◆ **THE TASK**: Below are the entries to work from; restate word for word the portion that opens with the line containing "#83=DIRECTION('',(0.,-1.,0.));" and closes with the line containing "#90=ORIENTED_EDGE('',*,*,#89,.T.);", keeping both.

[Start of Attachment]

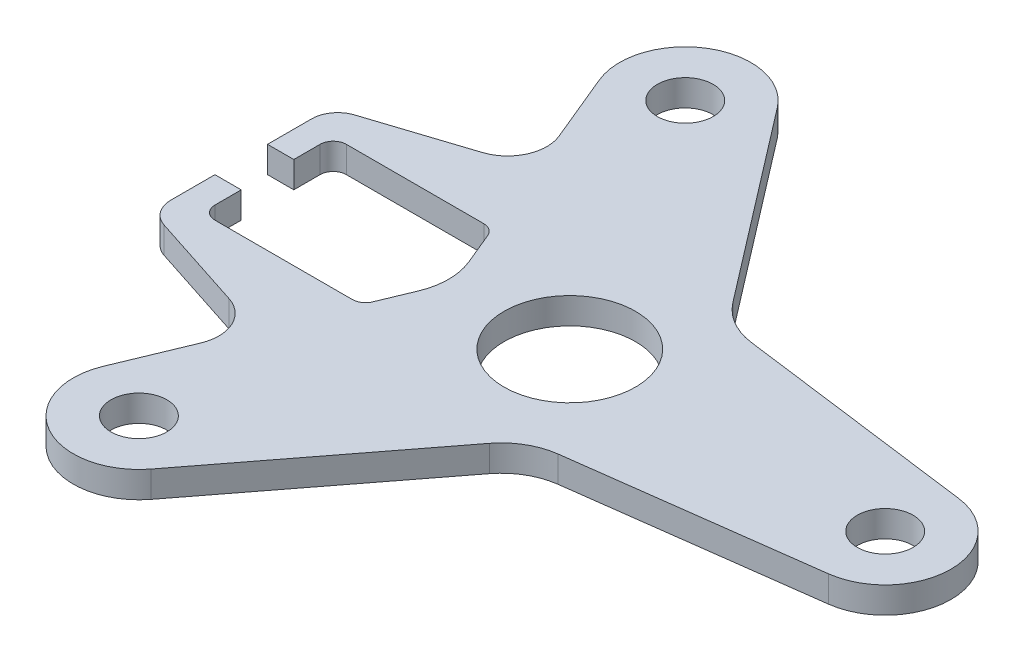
ISO-10303-21;
HEADER;
FILE_DESCRIPTION(('STEP AP214'),'2;1');
FILE_NAME('part.step','',(''),(''),'','','');
FILE_SCHEMA(('AUTOMOTIVE_DESIGN { 1 0 10303 214 1 1 1 1 }'));
ENDSEC;
DATA;
#1=APPLICATION_CONTEXT('core data for automotive mechanical design processes');
#2=APPLICATION_PROTOCOL_DEFINITION('international standard','automotive_design',2000,#1);
#3=PRODUCT_CONTEXT('',#1,'mechanical');
#4=PRODUCT('Part','Part','',(#3));
#5=PRODUCT_RELATED_PRODUCT_CATEGORY('part','',(#4));
#6=PRODUCT_DEFINITION_FORMATION('','',#4);
#7=PRODUCT_DEFINITION_CONTEXT('part definition',#1,'design');
#8=PRODUCT_DEFINITION('design','',#6,#7);
#9=PRODUCT_DEFINITION_SHAPE('','',#8);
#10=(LENGTH_UNIT() NAMED_UNIT(*) SI_UNIT(.MILLI.,.METRE.));
#11=(NAMED_UNIT(*) PLANE_ANGLE_UNIT() SI_UNIT($,.RADIAN.));
#12=(NAMED_UNIT(*) SI_UNIT($,.STERADIAN.) SOLID_ANGLE_UNIT());
#13=UNCERTAINTY_MEASURE_WITH_UNIT(LENGTH_MEASURE(1.E-05),#10,'distance_accuracy_value','');
#14=(GEOMETRIC_REPRESENTATION_CONTEXT(3) GLOBAL_UNCERTAINTY_ASSIGNED_CONTEXT((#13)) GLOBAL_UNIT_ASSIGNED_CONTEXT((#10,
#11,#12)) REPRESENTATION_CONTEXT('',''));
#15=CARTESIAN_POINT('',(0.,0.,0.));
#16=DIRECTION('',(0.,0.,1.));
#17=DIRECTION('',(1.,0.,0.));
#18=AXIS2_PLACEMENT_3D('',#15,#16,#17);
#19=CARTESIAN_POINT('',(7.10732739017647,1.,12.310252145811));
#20=DIRECTION('',(0.,1.,0.));
#21=DIRECTION('',(0.,0.,1.));
#22=AXIS2_PLACEMENT_3D('',#19,#20,#21);
#23=PLANE('',#22);
#24=CARTESIAN_POINT('',(-12.,1.,-20.7846096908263));
#25=DIRECTION('',(0.,1.,0.));
#26=DIRECTION('',(0.,0.,1.));
#27=AXIS2_PLACEMENT_3D('',#24,#25,#26);
#28=CIRCLE('',#27,2.12500000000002);
#29=CARTESIAN_POINT('',(-12.,1.,-18.6596096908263));
#30=VERTEX_POINT('',#29);
#31=EDGE_CURVE('E551',#30,#30,#28,.T.);
#32=ORIENTED_EDGE('',*,*,#31,.F.);
#33=EDGE_LOOP('',(#32));
#34=FACE_BOUND('',#33,.T.);
#35=CARTESIAN_POINT('',(24.,1.,0.));
#36=DIRECTION('',(0.,1.,0.));
#37=DIRECTION('',(0.,0.,1.));
#38=AXIS2_PLACEMENT_3D('',#35,#36,#37);
#39=CIRCLE('',#38,2.125);
#40=CARTESIAN_POINT('',(24.,1.,2.125));
#41=VERTEX_POINT('',#40);
#42=EDGE_CURVE('E277',#41,#41,#39,.T.);
#43=ORIENTED_EDGE('',*,*,#42,.F.);
#44=EDGE_LOOP('',(#43));
#45=FACE_BOUND('',#44,.T.);
#46=CARTESIAN_POINT('',(7.10732739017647,1.,12.310252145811));
#47=DIRECTION('',(0.,-1.,0.));
#48=DIRECTION('',(0.,0.,1.));
#49=AXIS2_PLACEMENT_3D('',#46,#47,#48);
#50=CIRCLE('',#49,5.);
#51=CARTESIAN_POINT('',(3.14056068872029,1.,9.26644500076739));
#52=VERTEX_POINT('',#51);
#53=CARTESIAN_POINT('',(6.45469642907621,1.,7.35302783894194));
#54=VERTEX_POINT('',#53);
#55=EDGE_CURVE('E336',#52,#54,#50,.T.);
#56=ORIENTED_EDGE('',*,*,#55,.T.);
#57=DIRECTION('',(0.99144486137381,0.,-0.130526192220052));
#58=VECTOR('',#57,1.);
#59=CARTESIAN_POINT('',(24.6526309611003,1.,4.95722430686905));
#60=LINE('',#59,#58);
#61=CARTESIAN_POINT('',(24.6526309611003,1.,4.95722430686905));
#62=VERTEX_POINT('',#61);
#63=EDGE_CURVE('E164',#54,#62,#60,.T.);
#64=ORIENTED_EDGE('',*,*,#63,.T.);
#65=CARTESIAN_POINT('',(24.,1.,0.));
#66=DIRECTION('',(0.,1.,0.));
#67=DIRECTION('',(0.,0.,1.));
#68=AXIS2_PLACEMENT_3D('',#65,#66,#67);
#69=CIRCLE('',#68,5.);
#70=CARTESIAN_POINT('',(24.6526309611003,1.,-4.95722430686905));
#71=VERTEX_POINT('',#70);
#72=EDGE_CURVE('E423',#62,#71,#69,.T.);
#73=ORIENTED_EDGE('',*,*,#72,.T.);
#74=DIRECTION('',(-0.99144486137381,0.,-0.130526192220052));
#75=VECTOR('',#74,1.);
#76=CARTESIAN_POINT('',(24.6526309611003,1.,-4.95722430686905));
#77=LINE('',#76,#75);
#78=CARTESIAN_POINT('',(6.45469642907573,1.,-7.353027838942));
#79=VERTEX_POINT('',#78);
#80=EDGE_CURVE('E442',#71,#79,#77,.T.);
#81=ORIENTED_EDGE('',*,*,#80,.T.);
#82=CARTESIAN_POINT('',(7.10732739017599,1.,-12.3102521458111));
#83=DIRECTION('',(0.,-1.,0.));
#84=DIRECTION('',(0.,0.,1.));
#85=AXIS2_PLACEMENT_3D('',#82,#83,#84);
#86=CIRCLE('',#85,5.);
#87=CARTESIAN_POINT('',(3.14056068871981,1.,-9.26644500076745));
#88=VERTEX_POINT('',#87);
#89=EDGE_CURVE('E439',#79,#88,#86,.T.);
#90=ORIENTED_EDGE('',*,*,#89,.T.);
#91=DIRECTION('',(-0.608761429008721,0.,-0.793353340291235));
#92=VECTOR('',#91,1.);
#93=CARTESIAN_POINT('',(-8.03323329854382,1.,-23.8284168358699));
#94=LINE('',#93,#92);
#95=CARTESIAN_POINT('',(-8.03323329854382,1.,-23.8284168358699));
#96=VERTEX_POINT('',#95);
#97=EDGE_CURVE('E441',#88,#96,#94,.T.);
#98=ORIENTED_EDGE('',*,*,#97,.T.);
#99=CARTESIAN_POINT('',(-12.,1.,-20.7846096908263));
#100=DIRECTION('',(0.,1.,0.));
#101=DIRECTION('',(0.,0.,1.));
#102=AXIS2_PLACEMENT_3D('',#99,#100,#101);
#103=CIRCLE('',#102,5.);
#104=CARTESIAN_POINT('',(-16.6193976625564,1.,-18.8711925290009));
#105=VERTEX_POINT('',#104);
#106=EDGE_CURVE('E444',#96,#105,#103,.T.);
#107=ORIENTED_EDGE('',*,*,#106,.T.);
#108=DIRECTION('',(0.382683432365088,0.,0.923879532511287));
#109=VECTOR('',#108,1.);
#110=CARTESIAN_POINT('',(-16.6193976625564,1.,-18.8711925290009));
#111=LINE('',#110,#109);
#112=CARTESIAN_POINT('',(-14.4493554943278,1.,-13.6322472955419));
#113=VERTEX_POINT('',#112);
#114=EDGE_CURVE('E450',#105,#113,#111,.T.);
#115=ORIENTED_EDGE('',*,*,#114,.T.);
#116=CARTESIAN_POINT('',(-17.2209940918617,1.,-12.4841969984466));
#117=DIRECTION('',(0.,-1.,0.));
#118=DIRECTION('',(0.,0.,1.));
#119=AXIS2_PLACEMENT_3D('',#116,#117,#118);
#120=CIRCLE('',#119,3.);
#121=CARTESIAN_POINT('',(-16.2939431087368,1.,-9.63102744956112));
#122=VERTEX_POINT('',#121);
#123=EDGE_CURVE('E452',#113,#122,#120,.T.);
#124=ORIENTED_EDGE('',*,*,#123,.T.);
#125=DIRECTION('',(-0.951056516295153,0.,0.309016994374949));
#126=VECTOR('',#125,1.);
#127=CARTESIAN_POINT('',(-23.6180339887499,1.,-7.25128606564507));
#128=LINE('',#127,#126);
#129=CARTESIAN_POINT('',(-23.6180339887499,1.,-7.25128606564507));
#130=VERTEX_POINT('',#129);
#131=EDGE_CURVE('E454',#122,#130,#128,.T.);
#132=ORIENTED_EDGE('',*,*,#131,.T.);
#133=CARTESIAN_POINT('',(-23.,1.,-5.34917303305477));
#134=DIRECTION('',(0.,1.,0.));
#135=DIRECTION('',(0.,0.,1.));
#136=AXIS2_PLACEMENT_3D('',#133,#134,#135);
#137=CIRCLE('',#136,2.);
#138=CARTESIAN_POINT('',(-25.,1.,-5.34917303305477));
#139=VERTEX_POINT('',#138);
#140=EDGE_CURVE('E456',#130,#139,#137,.T.);
#141=ORIENTED_EDGE('',*,*,#140,.T.);
#142=DIRECTION('',(0.,0.,1.));
#143=VECTOR('',#142,1.);
#144=CARTESIAN_POINT('',(-25.,1.,-5.34917303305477));
#145=LINE('',#144,#143);
#146=CARTESIAN_POINT('',(-25.,1.,-2.));
#147=VERTEX_POINT('',#146);
#148=EDGE_CURVE('E458',#139,#147,#145,.T.);
#149=ORIENTED_EDGE('',*,*,#148,.T.);
#150=DIRECTION('',(1.,0.,0.));
#151=VECTOR('',#150,1.);
#152=CARTESIAN_POINT('',(-25.,1.,-2.));
#153=LINE('',#152,#151);
#154=CARTESIAN_POINT('',(-23.,1.,-2.));
#155=VERTEX_POINT('',#154);
#156=EDGE_CURVE('E460',#147,#155,#153,.T.);
#157=ORIENTED_EDGE('',*,*,#156,.T.);
#158=DIRECTION('',(0.,0.,-1.));
#159=VECTOR('',#158,1.);
#160=CARTESIAN_POINT('',(-23.,1.,-3.99999999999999));
#161=LINE('',#160,#159);
#162=CARTESIAN_POINT('',(-23.,1.,-3.99999999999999));
#163=VERTEX_POINT('',#162);
#164=EDGE_CURVE('E462',#155,#163,#161,.T.);
#165=ORIENTED_EDGE('',*,*,#164,.T.);
#166=CARTESIAN_POINT('',(-22.,1.,-4.));
#167=DIRECTION('',(0.,-1.,0.));
#168=DIRECTION('',(0.,0.,1.));
#169=AXIS2_PLACEMENT_3D('',#166,#167,#168);
#170=CIRCLE('',#169,1.);
#171=CARTESIAN_POINT('',(-22.,1.,-5.));
#172=VERTEX_POINT('',#171);
#173=EDGE_CURVE('E464',#163,#172,#170,.T.);
#174=ORIENTED_EDGE('',*,*,#173,.T.);
#175=DIRECTION('',(1.,0.,0.));
#176=VECTOR('',#175,1.);
#177=CARTESIAN_POINT('',(-22.,1.,-5.));
#178=LINE('',#177,#176);
#179=CARTESIAN_POINT('',(-11.5419402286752,1.,-5.));
#180=VERTEX_POINT('',#179);
#181=EDGE_CURVE('E466',#172,#180,#178,.T.);
#182=ORIENTED_EDGE('',*,*,#181,.T.);
#183=CARTESIAN_POINT('',(-11.5419402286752,1.,-4.));
#184=DIRECTION('',(0.,-1.,0.));
#185=DIRECTION('',(0.,0.,-1.));
#186=AXIS2_PLACEMENT_3D('',#183,#184,#185);
#187=CIRCLE('',#186,1.);
#188=CARTESIAN_POINT('',(-10.6180606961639,1.,-4.38268343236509));
#189=VERTEX_POINT('',#188);
#190=EDGE_CURVE('E468',#180,#189,#187,.T.);
#191=ORIENTED_EDGE('',*,*,#190,.T.);
#192=DIRECTION('',(0.382683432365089,0.,0.923879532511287));
#193=VECTOR('',#192,1.);
#194=CARTESIAN_POINT('',(-10.6180606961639,1.,-4.38268343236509));
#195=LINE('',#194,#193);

[End of Attachment]

◆ **YOUR SOLUTION**:
#83=DIRECTION('',(0.,-1.,0.));
#84=DIRECTION('',(0.,0.,1.));
#85=AXIS2_PLACEMENT_3D('',#82,#83,#84);
#86=CIRCLE('',#85,5.);
#87=CARTESIAN_POINT('',(3.14056068871981,1.,-9.26644500076745));
#88=VERTEX_POINT('',#87);
#89=EDGE_CURVE('E439',#79,#88,#86,.T.);
#90=ORIENTED_EDGE('',*,*,#89,.T.);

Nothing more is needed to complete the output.